Copy each line of the records below that mentions the word "Connectors".

....

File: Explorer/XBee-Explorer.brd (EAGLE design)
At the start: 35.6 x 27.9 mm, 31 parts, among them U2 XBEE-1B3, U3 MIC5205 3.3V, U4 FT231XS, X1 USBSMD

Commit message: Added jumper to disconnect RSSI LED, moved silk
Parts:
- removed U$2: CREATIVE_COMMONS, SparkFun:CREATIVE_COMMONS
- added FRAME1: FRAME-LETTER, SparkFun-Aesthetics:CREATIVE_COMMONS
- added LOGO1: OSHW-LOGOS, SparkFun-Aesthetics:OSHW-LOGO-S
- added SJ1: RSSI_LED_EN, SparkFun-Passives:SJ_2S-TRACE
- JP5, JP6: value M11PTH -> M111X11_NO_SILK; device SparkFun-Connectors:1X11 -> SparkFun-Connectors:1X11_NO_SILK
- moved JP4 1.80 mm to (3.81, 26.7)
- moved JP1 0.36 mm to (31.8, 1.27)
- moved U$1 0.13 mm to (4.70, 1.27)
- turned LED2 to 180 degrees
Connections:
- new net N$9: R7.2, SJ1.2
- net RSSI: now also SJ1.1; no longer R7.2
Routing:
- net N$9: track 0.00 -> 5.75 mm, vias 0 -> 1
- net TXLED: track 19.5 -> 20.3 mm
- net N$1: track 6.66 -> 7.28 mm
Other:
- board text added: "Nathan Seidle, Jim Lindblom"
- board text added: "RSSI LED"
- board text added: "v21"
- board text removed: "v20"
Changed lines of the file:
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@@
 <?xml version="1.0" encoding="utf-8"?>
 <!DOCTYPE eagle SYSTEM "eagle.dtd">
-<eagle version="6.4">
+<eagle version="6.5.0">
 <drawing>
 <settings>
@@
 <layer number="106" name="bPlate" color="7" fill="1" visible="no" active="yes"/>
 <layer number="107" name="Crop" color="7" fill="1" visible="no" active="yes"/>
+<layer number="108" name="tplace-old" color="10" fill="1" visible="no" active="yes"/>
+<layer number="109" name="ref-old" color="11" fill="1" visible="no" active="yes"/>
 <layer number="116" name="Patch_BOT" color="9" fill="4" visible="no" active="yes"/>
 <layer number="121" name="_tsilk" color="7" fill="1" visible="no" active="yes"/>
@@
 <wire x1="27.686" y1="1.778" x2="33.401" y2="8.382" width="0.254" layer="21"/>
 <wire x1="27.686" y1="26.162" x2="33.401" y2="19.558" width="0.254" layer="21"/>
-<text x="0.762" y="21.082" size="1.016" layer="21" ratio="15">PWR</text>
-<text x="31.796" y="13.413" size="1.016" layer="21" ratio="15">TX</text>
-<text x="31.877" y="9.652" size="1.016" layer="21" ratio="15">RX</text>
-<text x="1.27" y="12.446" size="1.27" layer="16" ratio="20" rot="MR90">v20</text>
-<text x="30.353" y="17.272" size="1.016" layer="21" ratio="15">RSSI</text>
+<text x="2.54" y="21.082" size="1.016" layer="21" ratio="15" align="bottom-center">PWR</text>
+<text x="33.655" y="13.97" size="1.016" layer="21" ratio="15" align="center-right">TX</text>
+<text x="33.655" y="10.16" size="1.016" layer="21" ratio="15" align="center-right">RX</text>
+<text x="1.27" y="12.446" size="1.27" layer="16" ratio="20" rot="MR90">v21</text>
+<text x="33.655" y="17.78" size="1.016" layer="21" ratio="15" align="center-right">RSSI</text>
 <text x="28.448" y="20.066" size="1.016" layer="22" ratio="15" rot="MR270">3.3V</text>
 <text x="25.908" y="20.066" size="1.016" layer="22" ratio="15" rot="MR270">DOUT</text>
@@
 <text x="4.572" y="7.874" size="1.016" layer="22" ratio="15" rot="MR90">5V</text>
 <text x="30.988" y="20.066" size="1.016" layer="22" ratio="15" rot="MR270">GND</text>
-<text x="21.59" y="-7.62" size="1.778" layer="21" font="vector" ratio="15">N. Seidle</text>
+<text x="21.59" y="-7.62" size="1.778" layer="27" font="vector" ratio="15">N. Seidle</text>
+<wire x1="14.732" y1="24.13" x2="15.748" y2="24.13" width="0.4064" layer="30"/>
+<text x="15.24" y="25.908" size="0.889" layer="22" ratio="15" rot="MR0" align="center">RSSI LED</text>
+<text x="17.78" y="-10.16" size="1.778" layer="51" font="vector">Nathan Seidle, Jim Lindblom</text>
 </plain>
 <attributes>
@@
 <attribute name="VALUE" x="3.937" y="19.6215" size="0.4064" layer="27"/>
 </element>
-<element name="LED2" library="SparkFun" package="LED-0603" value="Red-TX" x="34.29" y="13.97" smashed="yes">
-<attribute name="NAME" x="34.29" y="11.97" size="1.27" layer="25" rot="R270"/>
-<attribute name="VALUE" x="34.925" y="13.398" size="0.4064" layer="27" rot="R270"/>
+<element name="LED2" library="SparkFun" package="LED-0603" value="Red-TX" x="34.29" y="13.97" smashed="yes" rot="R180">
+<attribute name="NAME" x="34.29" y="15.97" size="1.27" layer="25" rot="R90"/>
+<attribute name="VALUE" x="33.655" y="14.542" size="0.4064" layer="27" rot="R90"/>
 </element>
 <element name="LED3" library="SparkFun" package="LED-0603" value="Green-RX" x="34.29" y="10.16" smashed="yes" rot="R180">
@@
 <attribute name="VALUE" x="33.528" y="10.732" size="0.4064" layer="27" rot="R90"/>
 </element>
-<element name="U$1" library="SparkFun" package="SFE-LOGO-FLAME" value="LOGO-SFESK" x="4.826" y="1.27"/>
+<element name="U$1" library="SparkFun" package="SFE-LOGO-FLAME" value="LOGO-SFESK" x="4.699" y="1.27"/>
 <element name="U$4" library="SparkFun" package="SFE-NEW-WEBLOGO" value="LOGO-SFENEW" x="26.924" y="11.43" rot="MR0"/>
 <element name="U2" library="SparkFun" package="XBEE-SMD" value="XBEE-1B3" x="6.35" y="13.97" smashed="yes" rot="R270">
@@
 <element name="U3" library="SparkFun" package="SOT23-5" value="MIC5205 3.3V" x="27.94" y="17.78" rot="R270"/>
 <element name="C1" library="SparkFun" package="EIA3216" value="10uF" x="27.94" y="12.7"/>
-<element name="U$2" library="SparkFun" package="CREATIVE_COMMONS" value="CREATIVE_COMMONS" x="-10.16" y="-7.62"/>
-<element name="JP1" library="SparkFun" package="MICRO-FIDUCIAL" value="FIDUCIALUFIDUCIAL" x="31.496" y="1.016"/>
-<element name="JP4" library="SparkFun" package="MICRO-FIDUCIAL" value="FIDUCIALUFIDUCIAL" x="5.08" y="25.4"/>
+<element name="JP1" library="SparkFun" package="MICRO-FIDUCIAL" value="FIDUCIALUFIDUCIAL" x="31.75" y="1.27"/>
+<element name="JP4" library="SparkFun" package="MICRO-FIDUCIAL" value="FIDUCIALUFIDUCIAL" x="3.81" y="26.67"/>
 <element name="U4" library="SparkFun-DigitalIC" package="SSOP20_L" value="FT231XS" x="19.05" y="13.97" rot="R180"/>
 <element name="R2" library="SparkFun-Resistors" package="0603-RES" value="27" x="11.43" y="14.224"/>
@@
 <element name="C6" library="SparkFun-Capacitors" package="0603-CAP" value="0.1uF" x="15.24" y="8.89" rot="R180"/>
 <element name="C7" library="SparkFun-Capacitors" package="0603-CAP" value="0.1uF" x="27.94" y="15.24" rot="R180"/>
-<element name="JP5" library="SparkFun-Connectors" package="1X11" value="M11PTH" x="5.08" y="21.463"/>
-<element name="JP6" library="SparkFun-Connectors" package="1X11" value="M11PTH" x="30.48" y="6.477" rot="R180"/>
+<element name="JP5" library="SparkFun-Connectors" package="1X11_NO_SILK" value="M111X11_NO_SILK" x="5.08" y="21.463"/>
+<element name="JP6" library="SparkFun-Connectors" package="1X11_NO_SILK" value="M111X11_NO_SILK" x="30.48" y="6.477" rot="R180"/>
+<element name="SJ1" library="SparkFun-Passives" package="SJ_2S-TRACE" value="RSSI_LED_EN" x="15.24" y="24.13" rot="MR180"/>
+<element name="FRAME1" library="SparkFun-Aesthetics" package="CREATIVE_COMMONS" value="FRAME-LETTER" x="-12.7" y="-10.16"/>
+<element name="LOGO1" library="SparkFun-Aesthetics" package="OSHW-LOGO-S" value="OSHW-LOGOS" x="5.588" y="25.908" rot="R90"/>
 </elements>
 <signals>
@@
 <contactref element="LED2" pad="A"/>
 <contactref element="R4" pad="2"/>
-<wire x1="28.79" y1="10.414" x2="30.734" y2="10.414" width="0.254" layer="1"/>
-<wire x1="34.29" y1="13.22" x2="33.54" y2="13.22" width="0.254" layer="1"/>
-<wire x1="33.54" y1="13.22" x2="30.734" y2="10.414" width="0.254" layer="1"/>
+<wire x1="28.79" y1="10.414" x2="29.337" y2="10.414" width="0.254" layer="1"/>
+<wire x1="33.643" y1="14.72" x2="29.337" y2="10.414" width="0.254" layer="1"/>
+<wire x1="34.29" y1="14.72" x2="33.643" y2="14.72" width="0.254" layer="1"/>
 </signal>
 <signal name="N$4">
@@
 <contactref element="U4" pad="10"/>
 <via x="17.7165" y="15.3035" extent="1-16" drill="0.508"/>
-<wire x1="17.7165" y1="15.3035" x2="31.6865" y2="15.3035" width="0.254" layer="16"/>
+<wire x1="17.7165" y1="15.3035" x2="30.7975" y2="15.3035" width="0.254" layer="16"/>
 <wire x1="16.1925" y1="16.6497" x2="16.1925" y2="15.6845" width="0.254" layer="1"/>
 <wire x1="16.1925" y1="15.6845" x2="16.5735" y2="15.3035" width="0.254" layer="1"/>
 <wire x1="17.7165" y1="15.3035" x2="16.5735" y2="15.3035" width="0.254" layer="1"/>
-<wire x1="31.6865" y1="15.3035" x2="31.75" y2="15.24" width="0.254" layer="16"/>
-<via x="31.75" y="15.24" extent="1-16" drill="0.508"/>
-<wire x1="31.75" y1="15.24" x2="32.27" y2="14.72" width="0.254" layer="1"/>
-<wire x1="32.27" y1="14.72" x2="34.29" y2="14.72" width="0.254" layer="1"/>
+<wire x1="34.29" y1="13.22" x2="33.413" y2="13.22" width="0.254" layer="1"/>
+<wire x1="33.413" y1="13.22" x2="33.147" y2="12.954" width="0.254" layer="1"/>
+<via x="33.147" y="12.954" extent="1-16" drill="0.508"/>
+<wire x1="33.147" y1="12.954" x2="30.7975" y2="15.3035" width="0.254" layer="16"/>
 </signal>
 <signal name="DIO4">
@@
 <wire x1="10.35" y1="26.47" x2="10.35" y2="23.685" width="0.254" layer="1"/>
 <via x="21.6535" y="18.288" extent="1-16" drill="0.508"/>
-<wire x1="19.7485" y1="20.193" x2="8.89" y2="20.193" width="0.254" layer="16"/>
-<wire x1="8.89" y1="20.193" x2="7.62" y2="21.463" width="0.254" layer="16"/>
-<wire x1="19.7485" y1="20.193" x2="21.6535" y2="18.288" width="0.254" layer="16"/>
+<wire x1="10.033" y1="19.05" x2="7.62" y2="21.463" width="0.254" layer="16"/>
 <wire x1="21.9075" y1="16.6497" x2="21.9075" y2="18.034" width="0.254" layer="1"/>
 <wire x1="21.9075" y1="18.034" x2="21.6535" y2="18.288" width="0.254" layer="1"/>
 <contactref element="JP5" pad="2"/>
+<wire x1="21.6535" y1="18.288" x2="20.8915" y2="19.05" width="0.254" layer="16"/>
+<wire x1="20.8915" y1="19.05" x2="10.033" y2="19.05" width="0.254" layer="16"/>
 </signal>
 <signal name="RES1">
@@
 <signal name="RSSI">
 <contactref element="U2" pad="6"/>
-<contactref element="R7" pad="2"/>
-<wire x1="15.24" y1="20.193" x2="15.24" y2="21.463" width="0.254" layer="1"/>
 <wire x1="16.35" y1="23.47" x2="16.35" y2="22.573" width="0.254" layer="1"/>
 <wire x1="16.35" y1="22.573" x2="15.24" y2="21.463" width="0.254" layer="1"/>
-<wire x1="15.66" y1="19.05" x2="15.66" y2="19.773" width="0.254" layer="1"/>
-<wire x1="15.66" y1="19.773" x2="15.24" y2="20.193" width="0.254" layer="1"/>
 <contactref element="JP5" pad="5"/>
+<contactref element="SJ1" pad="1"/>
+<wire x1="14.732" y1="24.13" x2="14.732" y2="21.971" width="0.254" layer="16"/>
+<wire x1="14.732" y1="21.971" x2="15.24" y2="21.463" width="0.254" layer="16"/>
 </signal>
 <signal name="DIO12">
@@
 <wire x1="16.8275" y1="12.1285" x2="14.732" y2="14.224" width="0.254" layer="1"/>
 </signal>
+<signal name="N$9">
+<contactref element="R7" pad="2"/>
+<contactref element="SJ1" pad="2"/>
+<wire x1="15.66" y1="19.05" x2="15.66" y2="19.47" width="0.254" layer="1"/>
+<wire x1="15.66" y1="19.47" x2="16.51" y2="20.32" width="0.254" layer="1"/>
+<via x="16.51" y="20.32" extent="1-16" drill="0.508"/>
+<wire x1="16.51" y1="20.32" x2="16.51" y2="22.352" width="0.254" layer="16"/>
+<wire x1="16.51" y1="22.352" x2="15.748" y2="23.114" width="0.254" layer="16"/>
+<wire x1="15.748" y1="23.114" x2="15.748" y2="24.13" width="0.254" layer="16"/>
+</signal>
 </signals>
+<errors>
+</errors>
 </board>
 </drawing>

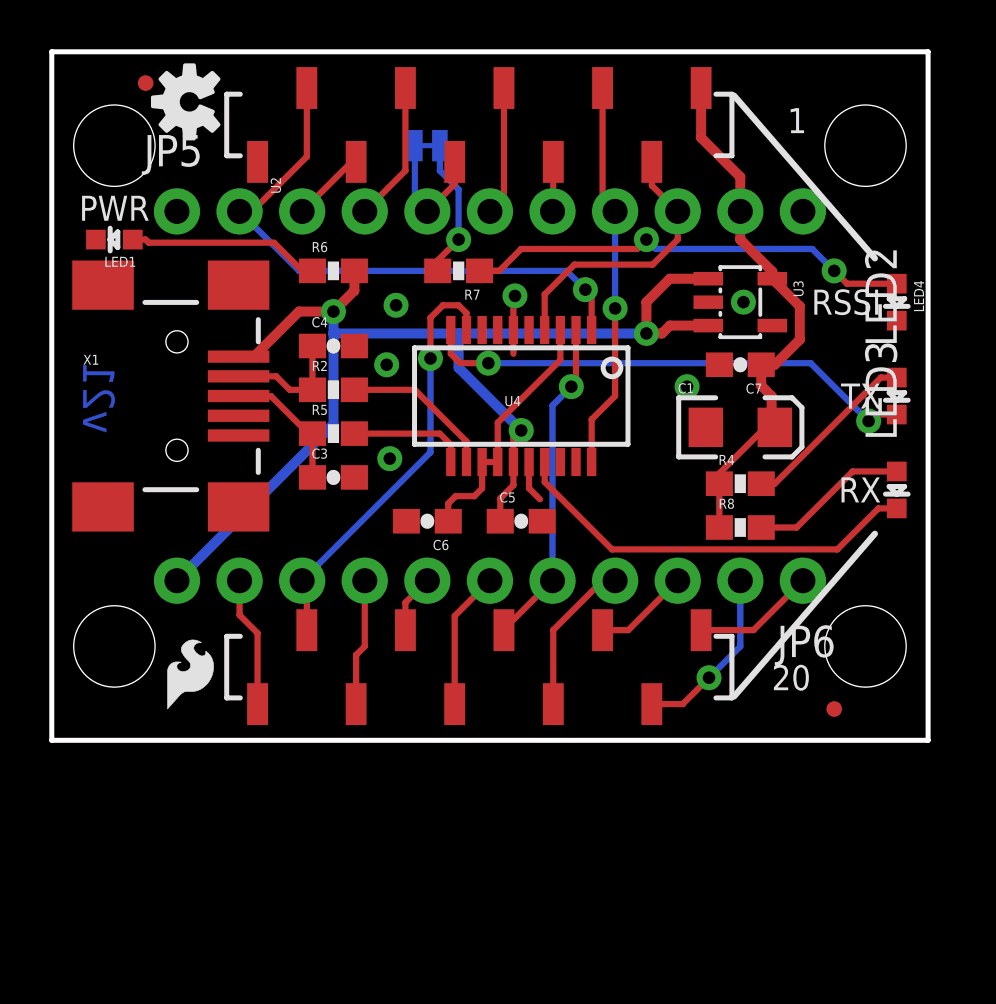
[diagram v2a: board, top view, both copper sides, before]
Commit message: Adding reset button, jumpers on UART ctrl lines
Reset button required moving LEDs around.
Adding jumpers on DTR, CTS, and RTS because they're not present on some
XBee compatible boards. Those pins can be used as GPIOs.
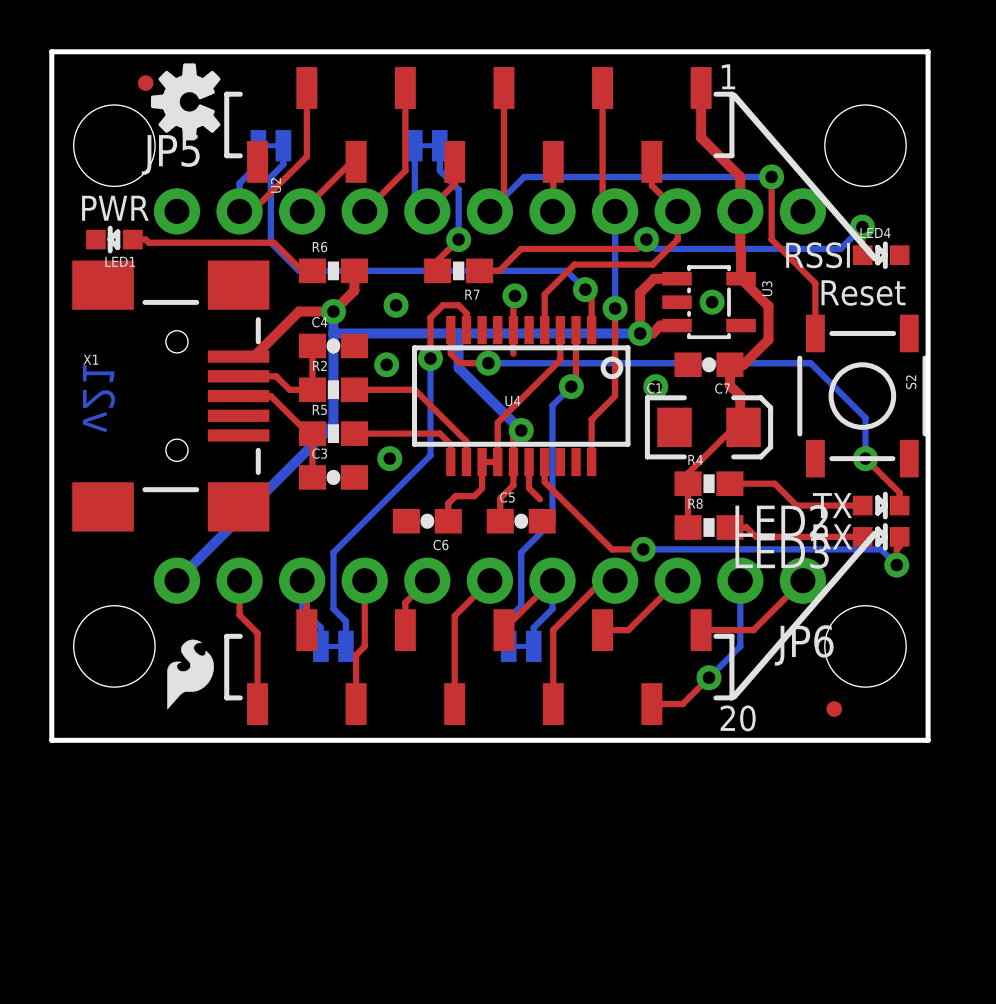
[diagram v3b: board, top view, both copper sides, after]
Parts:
- added S2: Reset, SparkFun-Electromechanical:TACTILE_SWITCH_SMD
- added SJ2: CTS_EN, SparkFun-Passives:SJ_2S-TRACE
- added SJ3: RTS_EN, SparkFun-Passives:SJ_2S-TRACE
- added SJ4: DTR, SparkFun-Passives:SJ_2S-TRACE
- moved LED2 4.49 mm to (33.7, 9.53), turned to 270 degrees
- moved LED3 2.01 mm to (33.7, 8.26), turned to 270 degrees
- moved LED4 2.01 mm to (33.7, 19.7), turned to 270 degrees
- moved C1 1.27 mm to (26.7, 12.7)
- moved C7 1.27 mm to (26.7, 15.2)
- moved R4 1.27 mm to (26.7, 10.4)
- moved R8 1.27 mm to (26.7, 8.64)
- moved U3 1.27 mm to (26.7, 17.8)
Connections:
- new net CTS_XBEE: JP6.9, SJ3.2, U2.12
- new net DTR_XBEE: JP5.2, SJ4.2, U2.9
- new net RTS_XBEE: JP6.5, SJ2.2, U2.16
- net CTS: now also SJ3.1; no longer JP6.9, U2.12
- net DTR: now also SJ4.1; no longer JP5.2, U2.9
- net GND: now also S2.1
- net RESET: now also S2.3
- net RTS: now also SJ2.1; no longer JP6.5, U2.16
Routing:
- net RESET: track 5.24 -> 24.3 mm, vias 0 -> 1
- net DTR_XBEE: track 0.00 -> 9.42 mm
- net RTS_XBEE: track 0.00 -> 5.81 mm
- net CTS_XBEE: track 0.00 -> 5.07 mm
- net DTR: track 23.5 -> 19.4 mm
- net TXLED: track 20.3 -> 23.0 mm
- net 5V: track 48.7 -> 46.6 mm
- net N$1: track 7.28 -> 5.75 mm
- net N$4: track 6.44 -> 5.54 mm
- net N$6: track 16.9 -> 17.7 mm, vias 0 -> 2
- net RTS: track 13.4 -> 14.0 mm
- net 3.3V: track 21.8 -> 21.3 mm
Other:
- board text added: "Reset"
- board text removed: "RSSI LED"

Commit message: Increasing fiducial size and LED footprint
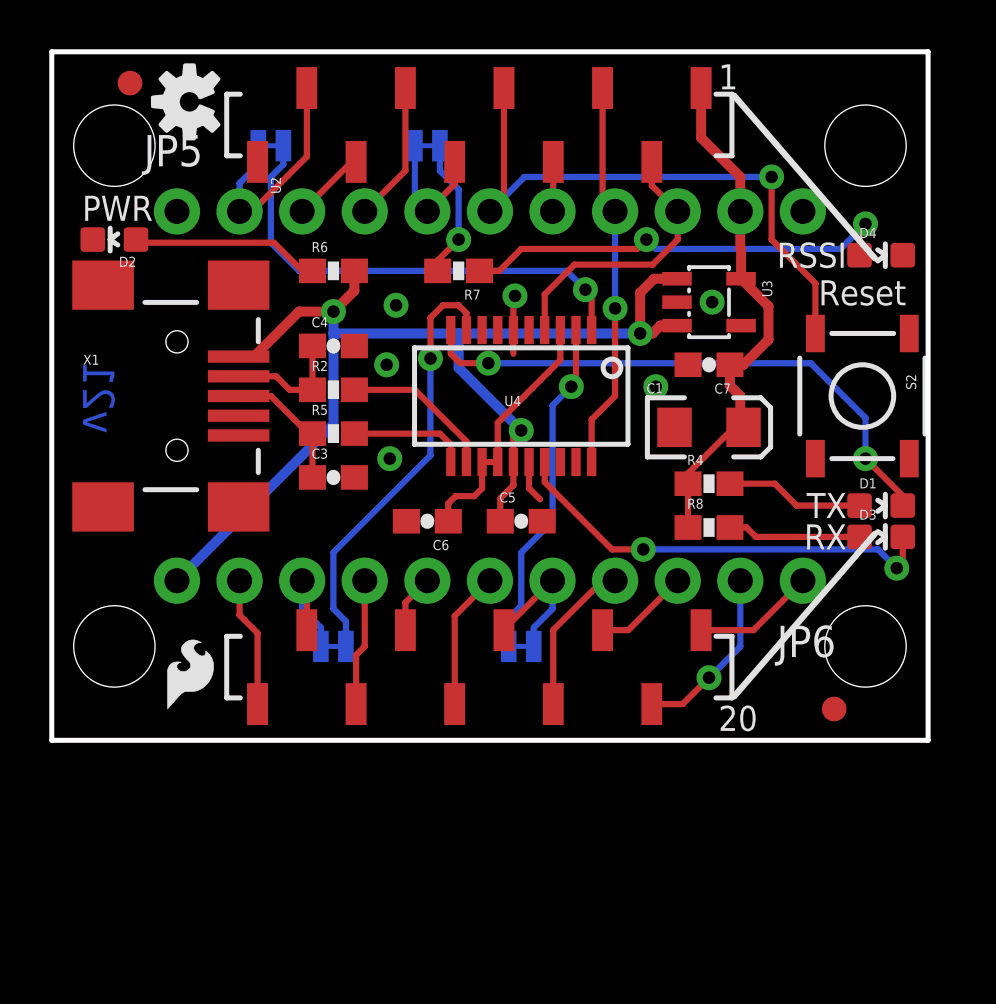
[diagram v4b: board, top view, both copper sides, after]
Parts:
- removed LED1: Red, SparkFun:LED-0603
- removed LED2: Red-TX, SparkFun:LED-0603
- removed LED3: Green-RX, SparkFun:LED-0603
- removed LED4: Green, SparkFun:LED-0603
- added D1, D2: RED, SparkFun-LED:LED-0603
- added D3, D4: GREEN, SparkFun-LED:LED-0603
- JP1, JP4: value FIDUCIALUFIDUCIAL -> FIDUCIAL1X2; device SparkFun:MICRO-FIDUCIAL -> SparkFun:FIDUCIAL-1X2
- moved JP4 0.64 mm to (3.17, 26.7)
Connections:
- net GND: now also D2.C, D4.C; no longer LED1.C, LED4.C
- net N$1: now also D1.A; no longer LED2.A
- net N$2: now also D4.A; no longer LED4.A
- net N$38: now also D2.A; no longer LED1.A
- net N$4: now also D3.A; no longer LED3.A
- net N$6: now also D3.C; no longer LED3.C
- net TXLED: now also D1.C; no longer LED2.C

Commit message: Updating VREG part info on explorer
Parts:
- U3: value MIC5205 3.3V -> MIC5219 3.3V
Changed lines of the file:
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@@
 <layer number="28" name="bValues" color="7" fill="1" visible="no" active="yes"/>
 <layer number="29" name="tStop" color="7" fill="3" visible="no" active="yes"/>
-<layer number="30" name="bStop" color="7" fill="6" visible="yes" active="yes"/>
+<layer number="30" name="bStop" color="7" fill="6" visible="no" active="yes"/>
 <layer number="31" name="tCream" color="7" fill="4" visible="no" active="yes"/>
 <layer number="32" name="bCream" color="7" fill="5" visible="no" active="yes"/>
@@
 <element name="U$10" library="SparkFun" package="STAND-OFF" value="STAND-OFF" x="33.02" y="24.13"/>
 <element name="U$11" library="SparkFun" package="STAND-OFF" value="STAND-OFF" x="33.02" y="3.81"/>
-<element name="U3" library="SparkFun" package="SOT23-5" value="MIC5205 3.3V" x="26.67" y="17.78" rot="R270"/>
+<element name="U3" library="SparkFun" package="SOT23-5" value="MIC5219 3.3V" x="26.67" y="17.78" rot="R270"/>
 <element name="C1" library="SparkFun" package="EIA3216" value="10uF" x="26.67" y="12.7"/>
 <element name="JP1" library="SparkFun" package="FIDUCIAL-1X2" value="FIDUCIAL1X2" x="31.75" y="1.27"/>

....

● **Output for this task**
- JP5, JP6: value M11PTH -> M111X11_NO_SILK; device SparkFun-Connectors:1X11 -> SparkFun-Connectors:1X11_NO_SILK
-<element name="JP5" library="SparkFun-Connectors" package="1X11" value="M11PTH" x="5.08" y="21.463"/>
-<element name="JP6" library="SparkFun-Connectors" package="1X11" value="M11PTH" x="30.48" y="6.477" rot="R180"/>
+<element name="JP5" library="SparkFun-Connectors" package="1X11_NO_SILK" value="M111X11_NO_SILK" x="5.08" y="21.463"/>
+<element name="JP6" library="SparkFun-Connectors" package="1X11_NO_SILK" value="M111X11_NO_SILK" x="30.48" y="6.477" rot="R180"/>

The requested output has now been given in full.